Here is the last bit that I quote from this article:
Moreover, a 2018 Gallup poll determined that a majority of young Americans have a positive opinion of socialism. According to a recent Axios poll, 55 percent of women between the ages of 18 and 54 would prefer to live in a socialist country.

Sanders said the U.S. and the rest of the world face two different political paths. “On one hand,” he noted, “there is a growing movement towards oligarchy and authoritarianism in which a small number of incredibly wealthy and powerful billionaires own and control a significant part of the economy and exert enormous influence over the political life of our country. On the other hand, in opposition to oligarchy, there is a movement of working people and young people who, in ever increasing numbers, are fighting for justice.”
No, I am sorry: I disagree with the first of the avobe quoted paragraphs, for the simple reason that I am fairly to very certain that few of the ¨young Americans¨ are able to give any halfway decent definition of socialism - as indeed Cohn isn´t, for which reason I do not recommend this article, because it is fundamentally confused.

Note

[1] I have now been saying since the end of 2015 that xs4all.nl is systematically ruining my site by NOT updating it within a few seconds, as it did between 1996 and 2015, but by updating it between two to seven days later, that is, if I am lucky.

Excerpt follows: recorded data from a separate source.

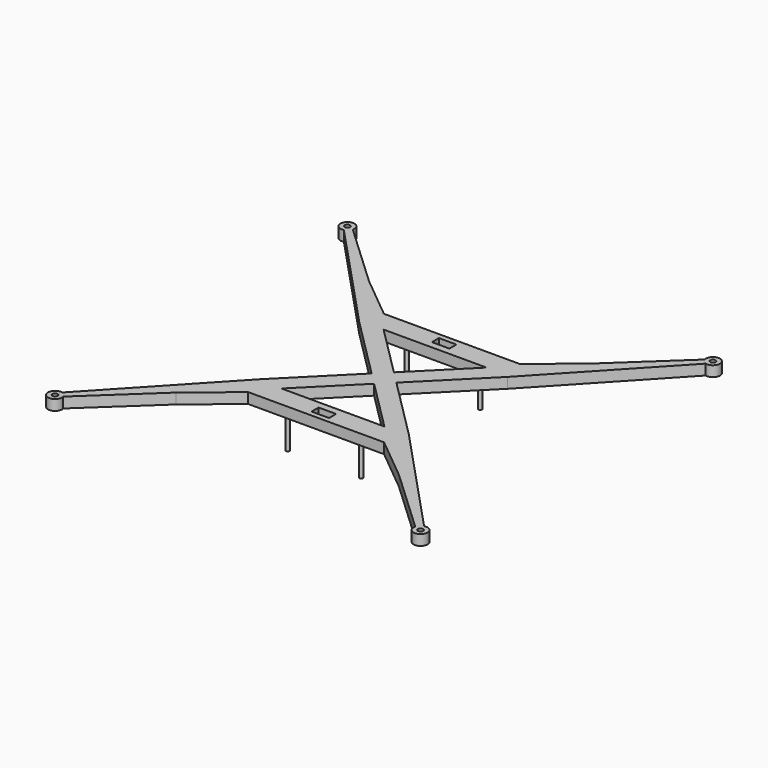
from build123d import *

# Parameters (mm, degrees)
F0_R         = 4
F1_DEPTH     = 6
F3_DEPTH     = 6
F4_R         = 1.5
F5_DEPTH     = 6.001
F6_COUNT     = 4
F8_W         = 85
F8_H         = 12
F9_DEPTH     = 6
F10_R        = 3.55
F10_R_2      = 2.5
F10_W        = 10
F10_H        = 5
F11_DEPTH    = 6.001
F12_C1_SIZE2 = 3
F12_C1_SIZE  = 30
F12_C2_SIZE2 = 30
F12_C2_SIZE  = 3
F12_C3_SIZE2 = 3
F12_C3_SIZE  = 30
F12_C4_SIZE2 = 30
F12_C4_SIZE  = 3
F13_R        = 1
F14_DEPTH    = 20
F15_R        = 3.55
F15_R_2      = 2.5
F16_DEPTH    = 6


# Not quite as in the source:
# - a pattern or mirror of a feature is missing from the dataset's text; its kind, count and spacing are read off the source's solid


with BuildPart() as f1:
    # F0 (on Top) → F1 (new body)
    with BuildSketch(Plane.XY):
        with Locations((-104.5, 104.5)):
            Circle(F0_R)
    extrude(amount=F1_DEPTH)

    # F2 (on Top) → F3 (join, through all)
    with BuildSketch(Plane.XY):
        Polygon((-7.0710678119, 0), (0, 0), (0, 7.0710678119), (-35.3553390593, 42.4264068712), (-100.6362966948, 103.4647238196), (-103.4647238196, 100.6362966948), (-42.4264068712, 35.3553390593), align=None)
    extrude(amount=F3_DEPTH)

    # F4 (on face) → F5 (cut, through all)
    with BuildSketch(Plane.XY.offset(6)):
        with Locations((-104.5, 104.5)):
            Circle(F4_R)
    extrude(amount=-F5_DEPTH, mode=Mode.SUBTRACT)


with BuildPart() as f6_1:
    # F6: instance of F1
    add(f1.part.rotate(Axis((0, 0, 3), (0, 0, -1)), 1 * 360 / F6_COUNT))


with BuildPart() as f6_2:
    # F6: instance of F1
    add(f1.part.rotate(Axis((0, 0, 3), (0, 0, -1)), 2 * 360 / F6_COUNT))


with BuildPart() as f6_3:
    # F6: instance of F1
    add(f1.part.rotate(Axis((0, 0, 3), (0, 0, -1)), 3 * 360 / F6_COUNT))


with BuildPart() as f1_1:
    add(f1.part)

    # F7: union F6_1, F6_2, F6_3
    add(f6_1.part)
    add(f6_2.part)
    add(f6_3.part)

    # F8 (on Top) → F9 (join, through all)
    with BuildSketch(Plane.XY):
        with Locations((0, 42.5)):
            Rectangle(F8_W, F8_H)
    f9 = extrude(amount=F9_DEPTH)

    # F9_copies: F9 across plane
    add(f9.mirror(Plane(origin=(0, 0, 0), x_dir=(0, 0, -1), z_dir=(0, -1, 0))))

    # F10 (on face) → F11 (cut, through all)
    with BuildSketch(Plane.XY.offset(6)):
        with Locations((-21, 42.5)):
            Circle(F10_R)
        with Locations((21, 42.5)):
            Circle(F10_R_2)
        with Locations((0, 43)):
            Rectangle(F10_W, F10_H)
    f11 = extrude(amount=-F11_DEPTH, mode=Mode.SUBTRACT)

    # F11_copies: F11 across plane
    add(f11.mirror(Plane(origin=(0, 0, 0), x_dir=(0, 0, -1), z_dir=(0, -1, 0))), mode=Mode.SUBTRACT)

    # F12: chamfer of 3 x 30 on 4 edges, made by hand

    # F12_c1
    f12_c1_edges = [f1_1.edges().sort_by_distance(p)[0] for p in [
        (-41.8510944399, 48.5, 3),
    ]]
    f12_c1_side = f1_1.faces().sort_by_distance((-41.8949210948, 48.5409783396, 3))[0]
    chamfer(f12_c1_edges, length=F12_C1_SIZE, length2=F12_C1_SIZE2, reference=f12_c1_side)

    # F12_c2
    f12_c2_edges = [f1_1.edges().sort_by_distance(p)[0] for p in [
        (41.8510944399, 48.5, 3),
    ]]
    f12_c2_side = f1_1.faces().sort_by_distance((41.7910944399, 48.5, 3))[0]
    chamfer(f12_c2_edges, length=F12_C2_SIZE, length2=F12_C2_SIZE2, reference=f12_c2_side)

    # F12_c3
    f12_c3_edges = [f1_1.edges().sort_by_distance(p)[0] for p in [
        (41.8510944399, -48.5, 3),
    ]]
    f12_c3_side = f1_1.faces().sort_by_distance((41.8949210948, -48.5409783396, 3))[0]
    chamfer(f12_c3_edges, length=F12_C3_SIZE, length2=F12_C3_SIZE2, reference=f12_c3_side)

    # F12_c4
    f12_c4_edges = [f1_1.edges().sort_by_distance(p)[0] for p in [
        (-41.8510944399, -48.5, 3),
    ]]
    f12_c4_side = f1_1.faces().sort_by_distance((-41.7910944399, -48.5, 3))[0]
    chamfer(f12_c4_edges, length=F12_C4_SIZE, length2=F12_C4_SIZE2, reference=f12_c4_side)



with BuildPart() as f14:
    # F13 (on Top) → F14 (new body)
    with BuildSketch(Plane.XY):
        with Locations((-21, 42.5)):
            Circle(F13_R)
    extrude(amount=-F14_DEPTH)


with BuildPart() as f14b:
    # F13 (on Top) → F14, piece 2 (new body)
    with BuildSketch(Plane.XY):
        with Locations((21, 42.5)):
            Circle(F13_R)
    extrude(amount=-F14_DEPTH)


with BuildPart() as f14c:
    # F13 (on Top) → F14, piece 3 (new body)
    with BuildSketch(Plane.XY):
        with Locations((-21, -42.5)):
            Circle(F13_R)
    extrude(amount=-F14_DEPTH)


with BuildPart() as f14d:
    # F13 (on Top) → F14, piece 4 (new body)
    with BuildSketch(Plane.XY):
        with Locations((21, -42.5)):
            Circle(F13_R)
    extrude(amount=-F14_DEPTH)


with BuildPart() as f1_2:
    add(f1_1.part)

    add(f14.part)  # F16 merges F14

    add(f14b.part)  # F16 merges F14b

    add(f14c.part)  # F16 merges F14c

    add(f14d.part)  # F16 merges F14d
    # F15 (on face) → F16 (join)
    with BuildSketch(Plane.XY.offset(6)):
        with Locations((-21, -42.5)):
            Circle(F15_R)
        with Locations((21, -42.5)):
            Circle(F15_R_2)
        with Locations((21, 42.5)):
            Circle(F15_R_2)
        with Locations((-21, 42.5)):
            Circle(F15_R)
    extrude(amount=-F16_DEPTH)


solid = f1_2.part

They have claimed that my site was wrongly named in html: A lie. They have claimed that my operating system was out of date: A lie.

And they just don't care for my site, my interests, my values or my ideas. They have behaved now for 3 years as if they are the eagerly willing instruments of the US's secret services, which I will from now on suppose they are (for truth is dead in Holland).

The only two reasons I remain with xs4all is that my site has been there since 1996, and I have no reasons whatsoever to suppose that any other Dutch provider is any better (!!).